● **About this task**
Output, without any change, the listing below from its opening line up to and including the line with "At the start: 2".

● **Provided information**
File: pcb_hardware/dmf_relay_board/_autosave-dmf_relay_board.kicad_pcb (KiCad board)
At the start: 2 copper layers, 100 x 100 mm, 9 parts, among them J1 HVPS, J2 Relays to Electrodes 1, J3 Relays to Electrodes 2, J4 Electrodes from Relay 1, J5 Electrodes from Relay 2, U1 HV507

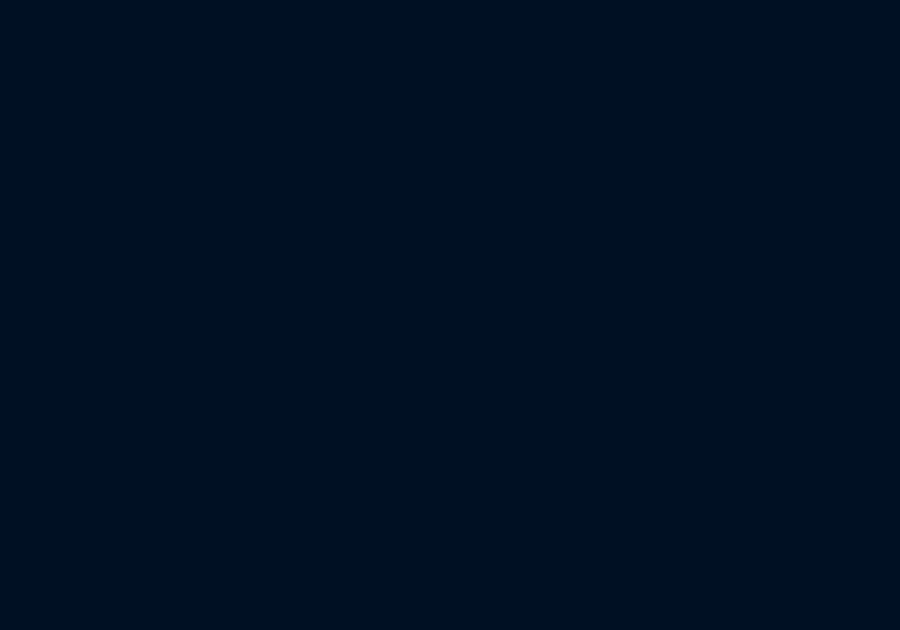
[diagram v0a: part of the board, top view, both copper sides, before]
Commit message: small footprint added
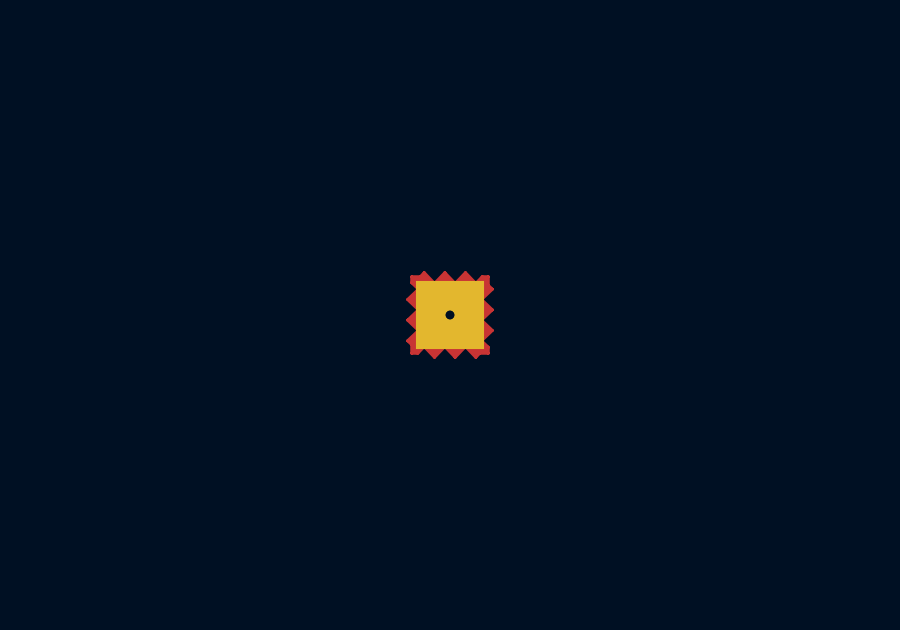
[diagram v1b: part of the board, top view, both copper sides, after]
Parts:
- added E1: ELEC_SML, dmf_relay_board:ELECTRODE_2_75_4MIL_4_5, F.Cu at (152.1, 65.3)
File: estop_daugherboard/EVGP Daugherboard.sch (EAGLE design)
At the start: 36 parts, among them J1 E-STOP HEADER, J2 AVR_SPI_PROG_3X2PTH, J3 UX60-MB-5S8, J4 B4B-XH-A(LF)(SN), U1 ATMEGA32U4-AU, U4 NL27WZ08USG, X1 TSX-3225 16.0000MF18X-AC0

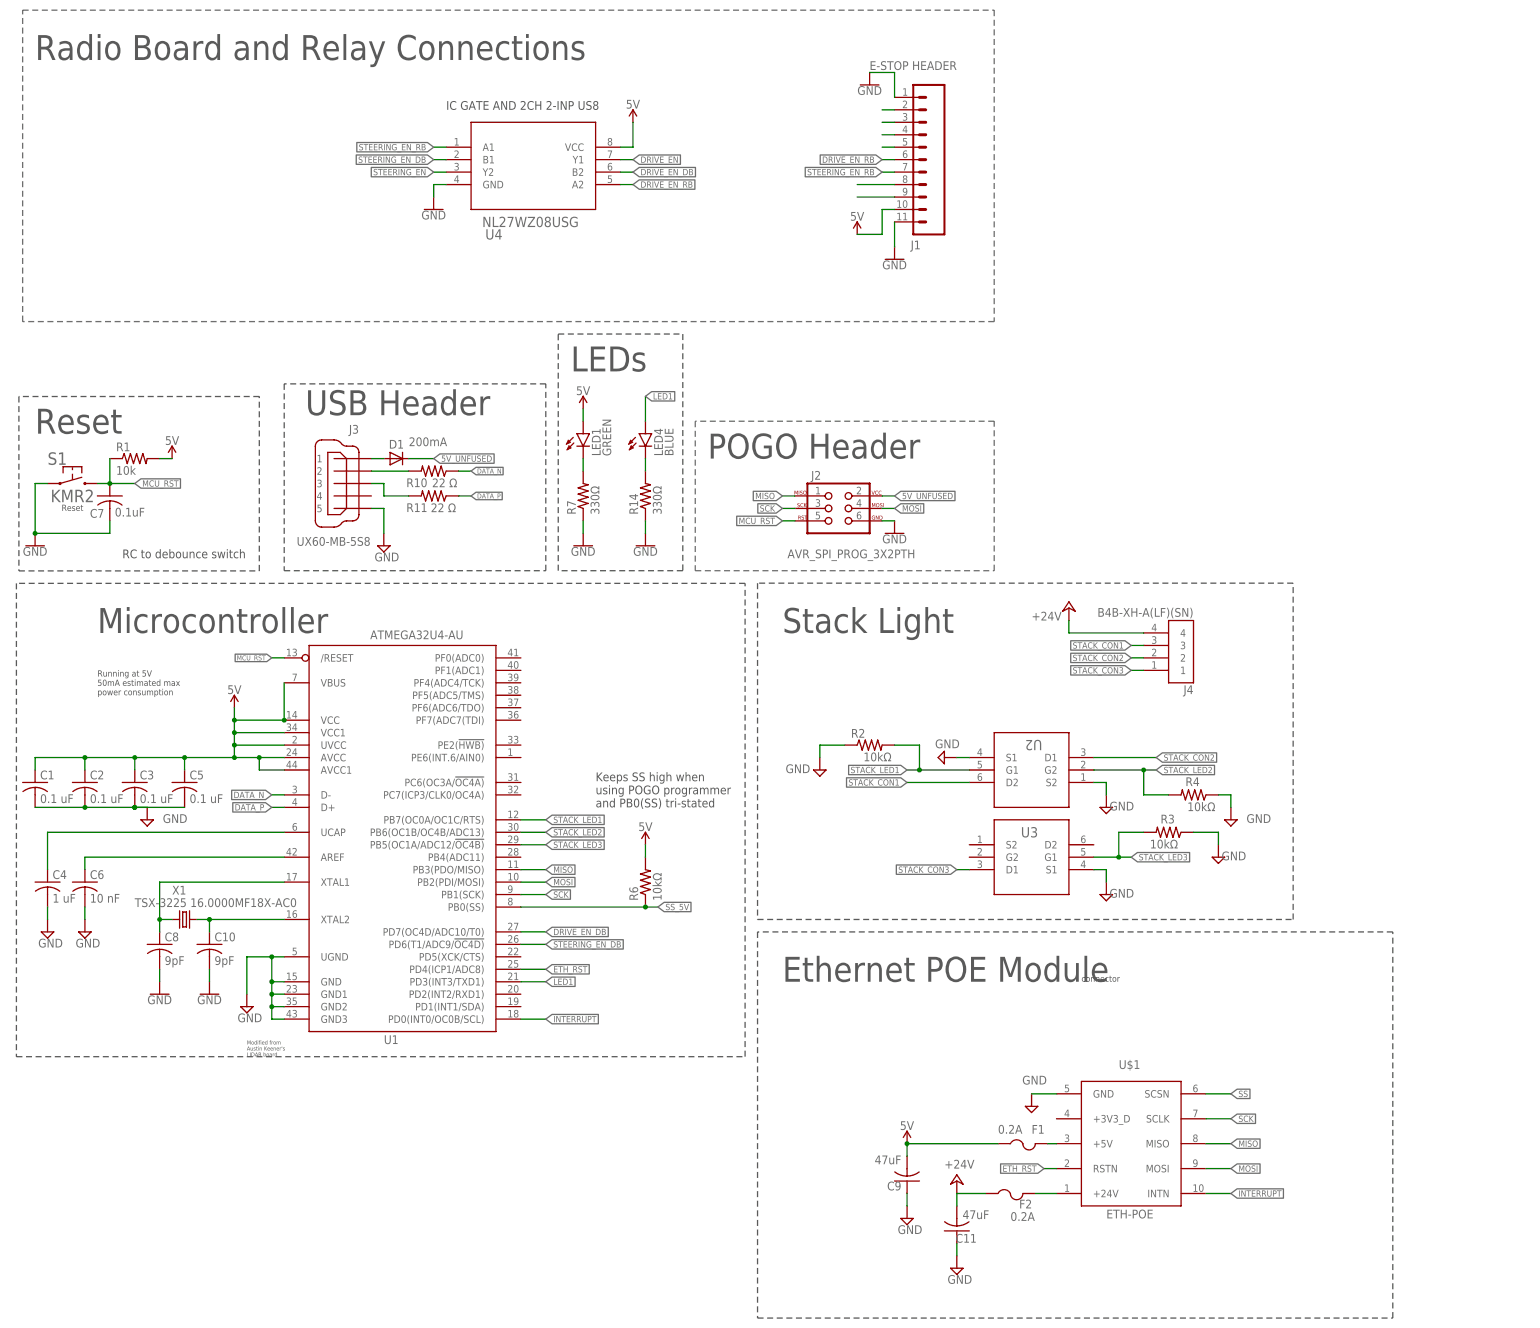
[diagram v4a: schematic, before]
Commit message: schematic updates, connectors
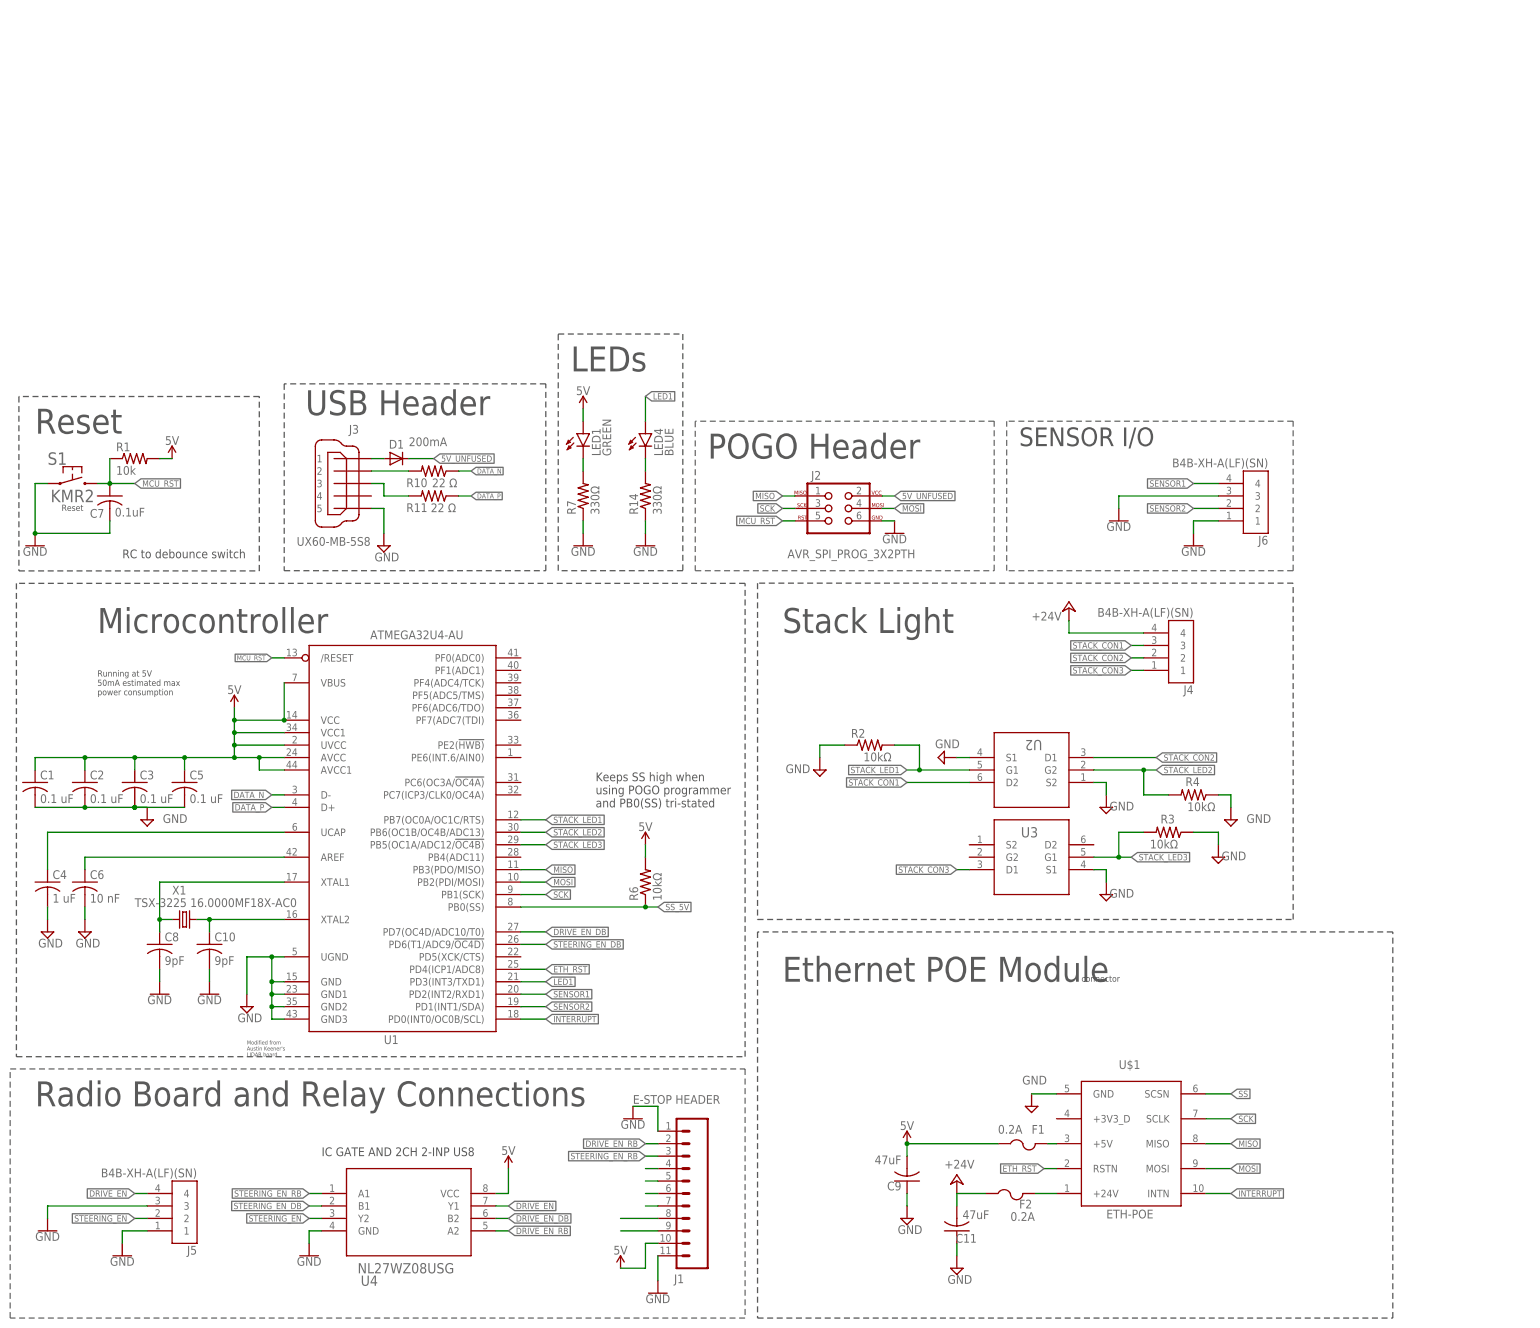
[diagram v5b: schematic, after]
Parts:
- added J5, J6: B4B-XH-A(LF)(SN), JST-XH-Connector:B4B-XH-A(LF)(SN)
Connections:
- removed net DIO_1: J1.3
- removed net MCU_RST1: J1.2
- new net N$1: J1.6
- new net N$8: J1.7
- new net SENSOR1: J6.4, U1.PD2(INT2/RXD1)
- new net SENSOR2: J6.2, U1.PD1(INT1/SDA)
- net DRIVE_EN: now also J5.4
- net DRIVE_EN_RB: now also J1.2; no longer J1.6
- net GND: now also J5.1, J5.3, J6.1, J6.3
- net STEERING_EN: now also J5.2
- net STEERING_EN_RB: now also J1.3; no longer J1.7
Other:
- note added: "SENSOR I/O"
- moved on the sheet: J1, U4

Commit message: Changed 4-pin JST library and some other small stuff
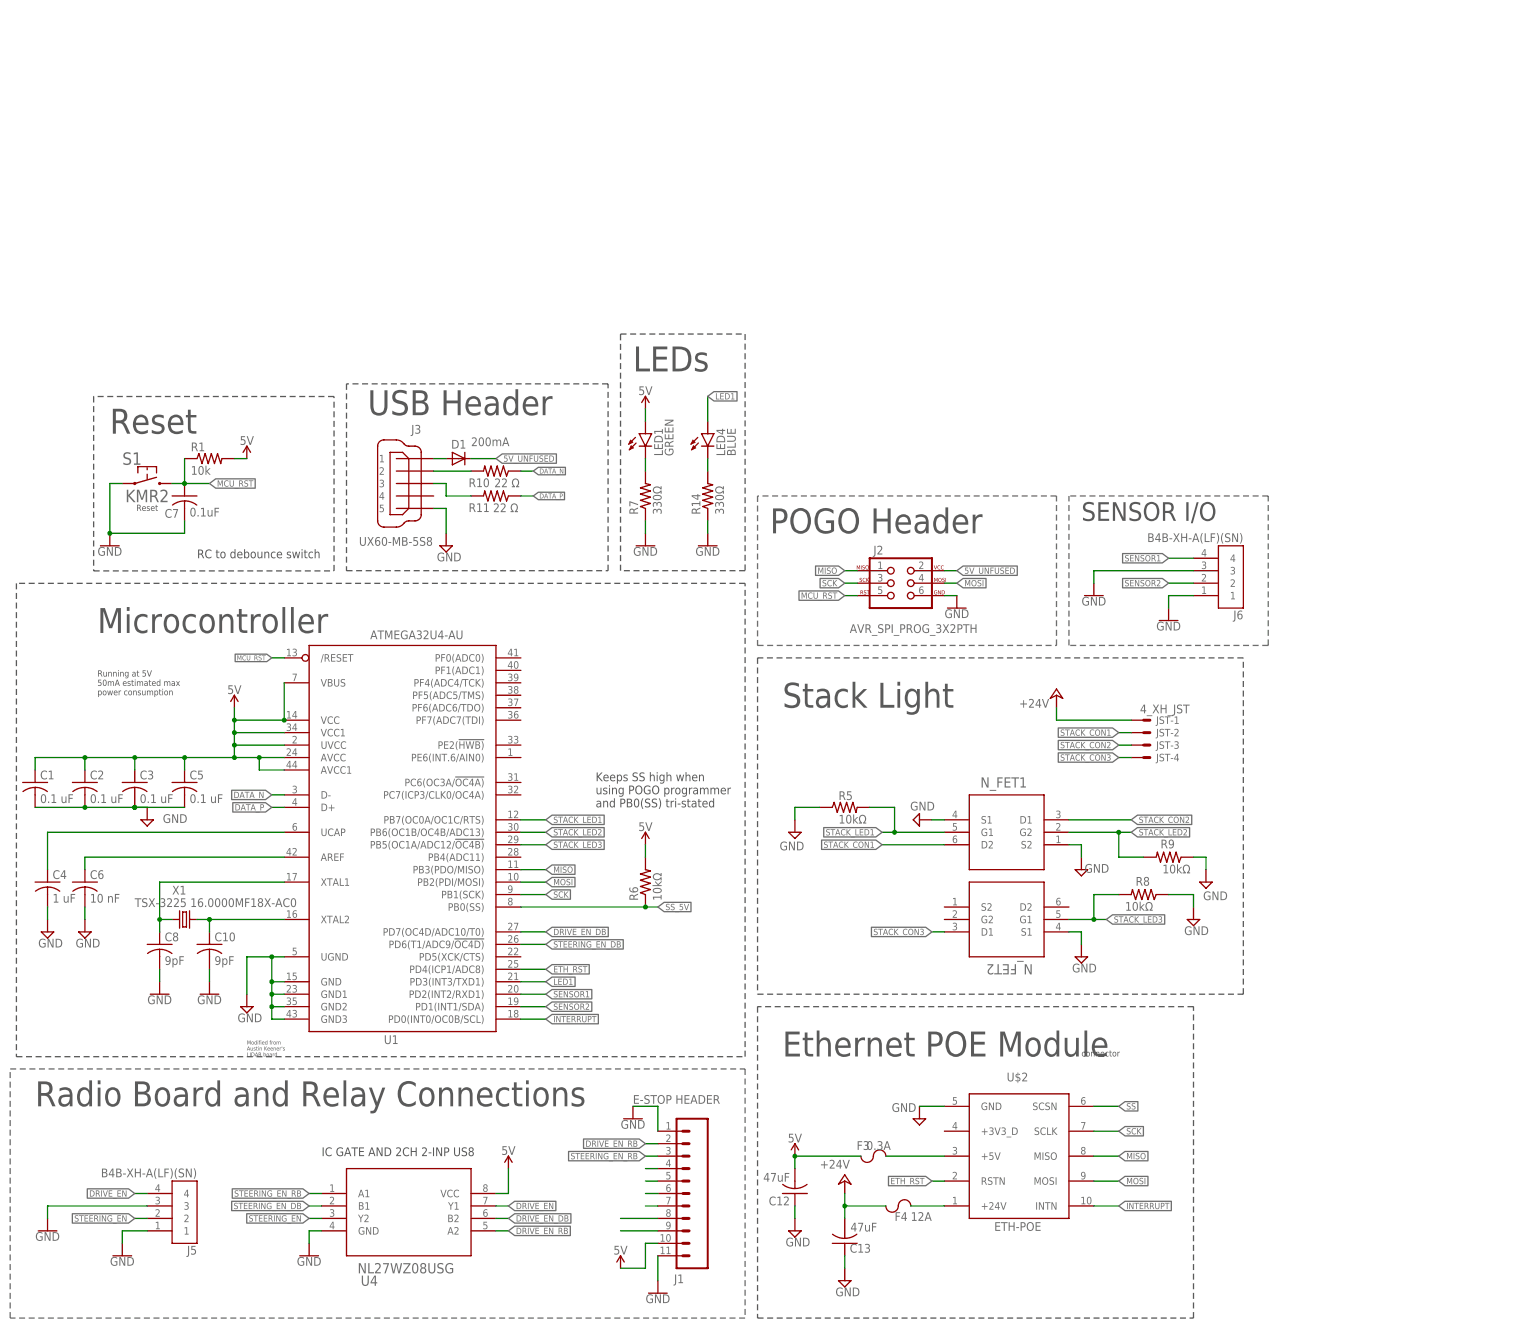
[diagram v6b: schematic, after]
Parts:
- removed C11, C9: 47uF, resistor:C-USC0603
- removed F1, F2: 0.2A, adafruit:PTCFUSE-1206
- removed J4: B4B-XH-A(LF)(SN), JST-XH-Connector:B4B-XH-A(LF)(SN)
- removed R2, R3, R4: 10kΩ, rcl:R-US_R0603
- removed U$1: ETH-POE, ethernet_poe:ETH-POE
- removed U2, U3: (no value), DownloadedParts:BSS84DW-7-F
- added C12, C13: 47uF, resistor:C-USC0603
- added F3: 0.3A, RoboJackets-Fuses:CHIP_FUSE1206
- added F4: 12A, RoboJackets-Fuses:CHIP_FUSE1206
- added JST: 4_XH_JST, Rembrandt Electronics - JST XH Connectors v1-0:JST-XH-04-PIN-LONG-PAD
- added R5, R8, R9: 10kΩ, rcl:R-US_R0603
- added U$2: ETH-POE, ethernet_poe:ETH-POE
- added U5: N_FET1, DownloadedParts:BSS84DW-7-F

● **Reply to the task**
File: pcb_hardware/dmf_relay_board/_autosave-dmf_relay_board.kicad_pcb (KiCad board)
At the start: 2 copper layers, 100 x 100 mm, 9 parts, among them J1 HVPS, J2 Relays to Electrodes 1, J3 Relays to Electrodes 2, J4 Electrodes from Relay 1, J5 Electrodes from Relay 2, U1 HV507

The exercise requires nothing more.